Now that we have obtained the correct variable mapping, we can parse the expression

tree = op.InfixParser.Parse(expr, variables)

# print it out again
decimal_precision = 3 # how many decimals to use when formatting floating point values
print(op.InfixFormatter.Format(tree, dataset, decimal_precision))

((-0.000) + ((-0.400) * (((2.295 * (1.000 * X5)) * ((-1.089) * (1.000 * X6))) - (((((-0.937) * (1.000 * X7)) * (((-2.450) * (1.000 * X9)) * (0.210 * (1.000 * X1)))) + (((((-0.039) * (1.000 * X4)) * ((-0.039) * (1.000 * X4))) * (((2.303 * (1.000 * X2)) * (1.031 * (1.000 * X1))) - ((((-0.039) * (1.000 * X4)) * (1.036 * (1.000 * X1))) + ((2.718 * (1.000 * X3)) * (1.777 * (1.000 * X4)))))) + ((((-0.929) * (1.000 * X7)) * (((-2.059) * (1.000 * X9)) * (1.053 * (1.000 * X1)))) + ((2.408 * (1.000 * X2)) * (1.036 * (1.000 * X1)))))) + ((1.414 * (1.000 * X3)) * ((1.770 * (1.000 * X4)) - (((-1.811) * (1.000 * X10)) * (0.974 * (1.000 * X6)))))))))

We can evaluate the parsed tree using op.Evaluate:

values = op.Evaluate(tree, dataset, op.Range(0, 10))
values

array([ 0.4543666 ,  0.27158856, -0.11406795, -0.4064015 , -0.10081271,
        0.17754017, -1.0105664 ,  0.4164615 ,  0.44278234,  0.0433833 ],
      dtype=float32)

The tree can be pickled:

path = os.path.join('pickled', 'tree.pkl')

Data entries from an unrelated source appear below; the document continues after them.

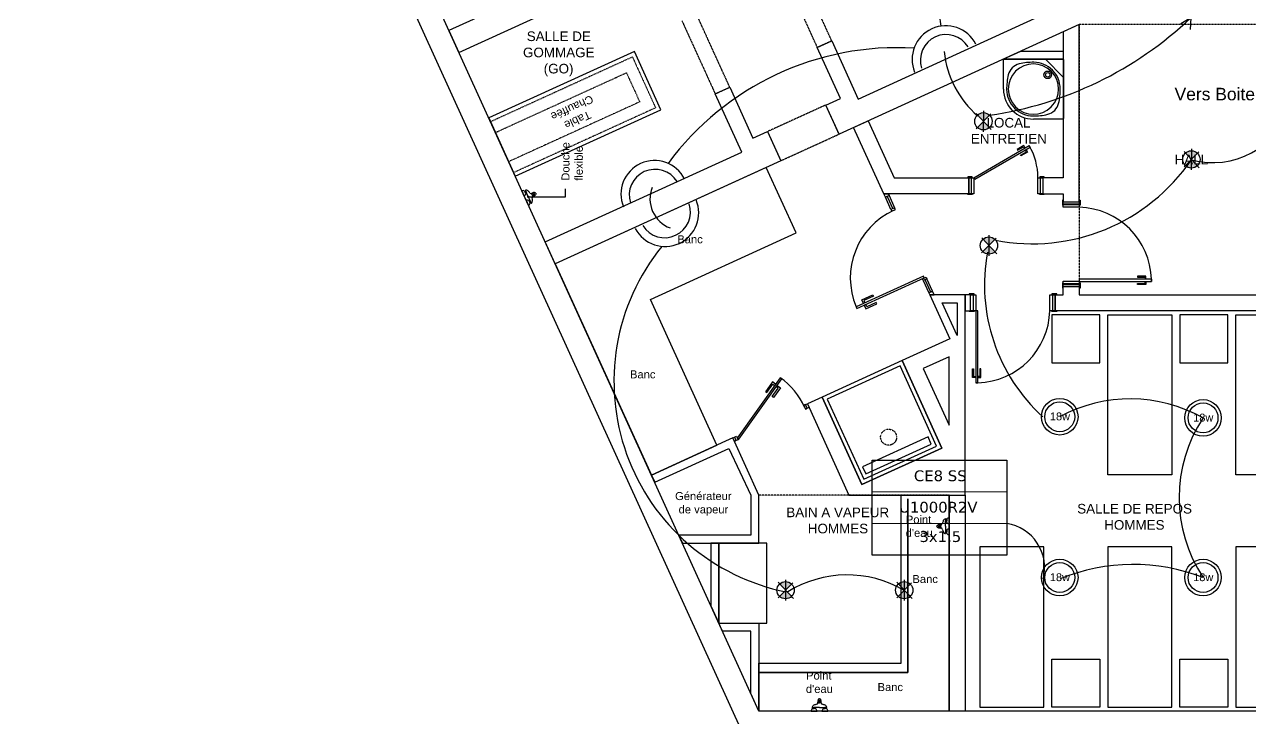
# Model space of a CAD drawing. Header units: millimetres. Extents: x 31778 to 54642, y 18502 to 28743.
# Drawn here: x 35056 to 36589, y 19678 to 20544 of the extents above; entities that cross this region are included whole.
import ezdxf
from ezdxf.enums import TextEntityAlignment as Align

# ---------------------------------------------------------------- set-up
doc = ezdxf.new("R2010")
doc.units = ezdxf.units.MM
for name, pattern in [('ACAD_ISO03W100', [30, 12, -18]), ('CACHE', [0.375, 0.25, -0.125]), ('DASHED2', [0.375, 0.25, -0.125])]:
    doc.linetypes.add(name, pattern=pattern)
for name, color, linetype in [('CIRCUITS ECLAIRAGE', 1, 'Continuous'), ('eclairage vision', 1, 'Continuous'), ('MUR BAS', 7, 'Continuous'), ('Plan Archi', 8, 'Continuous')]:
    doc.layers.add(name, color=color, linetype=linetype)
doc.layers.add('STRUCTURE POUTRES', color=5, linetype='ACAD_ISO03W100', lineweight=20)
doc.styles.get("Standard").update_dxf_attribs({"font": 'arial.ttf'})
doc.styles.add('Verdana', font='verdana.ttf')

# ---------------------------------------------------------------- blocks, each defined once
blk = doc.blocks.new('_DOT')
at = {"color": 0, "linetype": 'ByBlock', "ltscale": 0.3}
blk.add_line((-0.5, 0), (-1, 0), dxfattribs=at)
at = {"color": 0, "linetype": 'ByBlock', "ltscale": 0.3, "const_width": 0.5}
blk.add_lwpolyline([(-0.25, 0, 1), (0.25, 0, 1)], format="xyb", close=True, dxfattribs=at)
blk = doc.blocks.new('18w')
at = {"layer": 'MUR BAS', "color": 1}
for radius in [46.6, 38.1]:
    blk.add_circle((54837.7, -12071.2), radius, dxfattribs=at)
at = {"layer": 'MUR BAS', "color": 1, "insert": (54812.6, -12060.4), "char_height": 20, "attachment_point": 1}
blk.add_mtext_dynamic_manual_height_columns('18w', width=53.485, gutter_width=100, heights=[0], dxfattribs=at)
blk = doc.blocks.new('etanche')
at = {"layer": 'eclairage vision'}
h = blk.add_hatch(color=3, dxfattribs=at)
h.paths.add_polyline_path([(54736.2, -12067.7), (54736.2, -12078.5), (54736.2, -12078.6), (54743.8, -12070.9, 0.196209)])
h.paths.add_polyline_path([(54736.2, -12067.7, 0.190517), (54728.8, -12070.6), (54736.2, -12078.5)])
h.paths.add_polyline_path([(54736.1, -12089.4, 0.192665), (54743.6, -12086.4), (54736.2, -12078.6), (54736.2, -12078.6)])
h.paths.add_polyline_path([(54736.2, -12078.6), (54728.6, -12086.3, 0.194568), (54736.1, -12089.4)])
at = {"layer": 'eclairage vision', "color": 3}
for p, q in [((54745.4, -12069.3), (54727, -12087.9)), ((54727.1, -12068.8), (54746, -12089)), ((54736.2, -12065.5), (54736.1, -12091.6))]:
    blk.add_line(p, q, dxfattribs=at)
blk.add_circle((54736.2, -12078.6), 10.8, dxfattribs=at)
blk = doc.blocks.new('ETIQ ECL')
at = {"color": 6, "linetype": 'ByBlock'}
blk.add_lwpolyline([(-28.09, 19.8), (28.09, 19.8), (28.09, -19.8), (-28.09, -19.8)], close=True, dxfattribs=at)
at = {"layer": 'STRUCTURE POUTRES', "color": 6, "linetype": 'ByBlock'}
for points in [[(-28.09, 19.8), (28.09, 19.8), (28.09, 6.6), (-28.09, 6.6)], [(-28.09, 6.6), (28.09, 6.6), (28.09, -6.6), (-28.09, -6.6)], [(-28.09, -6.6), (28.09, -6.6), (28.09, -19.8), (-28.09, -19.8)]]:
    blk.add_lwpolyline(points, close=True, dxfattribs=at)
at = {"layer": 'STRUCTURE POUTRES', "color": 6, "linetype": 'ByBlock', "style": 'Verdana'}
for tag, p in [('CIRCUIT', (0.33, 10.99)), ('CABLE', (-0.49, -2.08)), ('SECTION', (0.37, -14.32))]:
    blk.add_attdef(tag, text='', height=4.5, dxfattribs=at).set_placement(p, align=Align.CENTER)
blk = doc.blocks.new('FLECHZ')
at = {"color": 6}
for q in [(-13.5, 5), (-3.4, 14)]:
    blk.add_line((0, 0), q, dxfattribs=at)
blk = doc.blocks.new('variateur')
at = {"layer": 'eclairage vision'}
h = blk.add_hatch(color=5, dxfattribs=at)
h.paths.add_polyline_path([(54656.2, -12067.7), (54656.1, -12078.4), (54656.2, -12078.5), (54663.7, -12070.8, 0.196209)])
h.paths.add_polyline_path([(54656.2, -12067.7, 0.190517), (54648.8, -12070.6), (54656.1, -12078.4)])
h.paths.add_polyline_path([(54656.1, -12089.3, 0.192665), (54663.6, -12086.4), (54656.2, -12078.5), (54656.1, -12078.6)])
h.paths.add_polyline_path([(54656.1, -12078.6), (54648.6, -12086.2, 0.194568), (54656.1, -12089.3)])
at = {"layer": 'eclairage vision', "color": 5}
for p, q in [((54647, -12068.7), (54666, -12089)), ((54665.3, -12069.2), (54647, -12087.9)), ((54656.2, -12065.5), (54656.1, -12091.5))]:
    blk.add_line(p, q, dxfattribs=at)
blk.add_circle((54656.1, -12078.5), 10.8, dxfattribs=at)

msp = doc.modelspace()

# ---------------------------------------------------------------- linework, layer by layer
at = {"layer": 'CIRCUITS ECLAIRAGE', "color": 1, "lineweight": 35}
for p, q in [((36160.306, 19735.376), (36160.306, 19952.235)), ((35974.943, 19735.376), (36160.306, 19735.376))]:
    msp.add_line(p, q, dxfattribs=at)
at = {"layer": 'CIRCUITS ECLAIRAGE', "color": 6}
for centre, radius, start, end in [((35371.721, 20426.516), 838.383, 7.947001, 40.356694), ((36197.189, 20886.886), 460.42, 278.210388, 313.466817), ((36146.966, 20159.901), 355.526, 86.588337, 143.581723), ((36325.855, 20522.246), 120.542, 185.587009, 229.708075), ((36541.06, 20476.061), 104.209, 255.377963, 340.334644), ((36315.731, 20511.952), 241.462, 259.07875, 325.511728), ((35876.574, 20326.46), 38.441, 158.064992, 249.825277), ((36060.973, 20098.549), 267.87, 140.940606, 258.699989), ((36478.173, 20218.951), 221.896, 169.314747, 227.793081), ((36438.512, 19890.877), 185.98, 60.744041, 118.326608), ((36680.115, 19953.455), 180.693, 146.519774, 213.480252), ((36275.311, 19865.903), 56.143, 345.811325, 80.884195), ((36442.202, 19629.427), 240.7, 68.759771, 112.289958), ((36084.53, 19716.238), 140.819, 59.551202, 121.835914)]:
    msp.add_arc(centre, radius, start, end, dxfattribs=at)
at = {"layer": 'CIRCUITS ECLAIRAGE', "color": 3}
for centre, radius, start, end in [((36207.742, 20500.796), 42.02, 26.877037, 202.173822), ((36208.302, 20499.568), 32.265, 31.551668, 197.49919), ((35843.888, 20332.534), 42.02, 26.877037, 202.173822), ((35844.448, 20331.306), 32.265, 31.551668, 197.49919), ((35857.087, 20309.158), 42.02, 207.447609, 22.744394), ((35856.515, 20310.381), 32.265, 212.12224, 18.069763)]:
    msp.add_arc(centre, radius, start, end, dxfattribs=at)
at = {"layer": 'Plan Archi'}
for p, q in [((34573.529, 22687.315), (35954.935, 19656.829)), ((35974.229, 19686.829), (34620.043, 22657.494)), ((35832.547, 20648.859), (35586.869, 20536.866)), ((35599.313, 20509.568), (35844.991, 20621.561)), ((36098.423, 20451.349), (36344.098, 20563.34)), ((35586.869, 20536.866), (35599.313, 20509.568)), ((36374.742, 20544.34), (36074.47, 20407.46)), ((36374.742, 20544.34), (36354.742, 20535.223)), ((36354.742, 20535.223), (36354.742, 20353.088)), ((36374.742, 20323.088), (36374.742, 20544.34)), ((36047.041, 20515.846), (36065.24, 20524.142)), ((36065.24, 20524.142), (36098.423, 20451.349)), ((36076.076, 20452.152), (36047.041, 20515.846)), ((36279.742, 20501.034), (36301.679, 20511.034)), ((36301.679, 20511.034), (36354.742, 20511.034)), ((36354.742, 20511.034), (36354.742, 20501.034)), ((36354.742, 20501.034), (36279.742, 20501.034)), ((36279.918, 20463.71), (36279.918, 20500.61)), ((36280.518, 20501.21), (36354.318, 20501.21)), ((36353.894, 20479.538), (36333.246, 20500.185)), ((36354.918, 20500.61), (36354.918, 20426.81)), ((35919.611, 20457.757), (35937.809, 20466.053)), ((35952.794, 20384.963), (35919.611, 20457.757)), ((35937.809, 20466.053), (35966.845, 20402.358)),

with open(path, 'wb+') as f:
    pickle.dump(tree, f)

Then it can be loaded again:

with open(path, 'rb') as f:
    tree_unpickled = pickle.load(f)
    print(op.InfixFormatter.Format(tree_unpickled, dataset, decimal_precision))

((-0.000) + ((-0.400) * (((2.295 * (1.000 * X5)) * ((-1.089) * (1.000 * X6))) - (((((-0.937) * (1.000 * X7)) * (((-2.450) * (1.000 * X9)) * (0.210 * (1.000 * X1)))) + (((((-0.039) * (1.000 * X4)) * ((-0.039) * (1.000 * X4))) * (((2.303 * (1.000 * X2)) * (1.031 * (1.000 * X1))) - ((((-0.039) * (1.000 * X4)) * (1.036 * (1.000 * X1))) + ((2.718 * (1.000 * X3)) * (1.777 * (1.000 * X4)))))) + ((((-0.929) * (1.000 * X7)) * (((-2.059) * (1.000 * X9)) * (1.053 * (1.000 * X1)))) + ((2.408 * (1.000 * X2)) * (1.036 * (1.000 * X1)))))) + ((1.414 * (1.000 * X3)) * ((1.770 * (1.000 * X4)) - (((-1.811) * (1.000 * X10)) * (0.974 * (1.000 * X6)))))))))

Check that it returns the same values:

values = op.Evaluate(tree, dataset, op.Range(0, 10))
values

array([ 0.4543666 ,  0.27158856, -0.11406795, -0.4064015 , -0.10081271,
        0.17754017, -1.0105664 ,  0.4164615 ,  0.44278234,  0.0433833 ],
      dtype=float32)

If you don't want to use the bindings, one can simply parse and evaluate the expression string using SymPy:

from sympy import lambdify, parse_expr, Symbol
import pandas as pd

def evaluate_expression(sexpr, data):
    symbols = [Symbol(x) for x in data.columns.values[:-1]]
    return lambdify(symbols, parse_expr(sexpr))(*data.values[:,:-1].T)

# read the data as a pandas dataframe
df = pd.read_csv('./data/Poly-10.csv')

sexpr = expr.replace('^', '**')
values = evaluate_expression(sexpr, df.iloc[0:10])
values

Hope this helps, feel free to ask for details.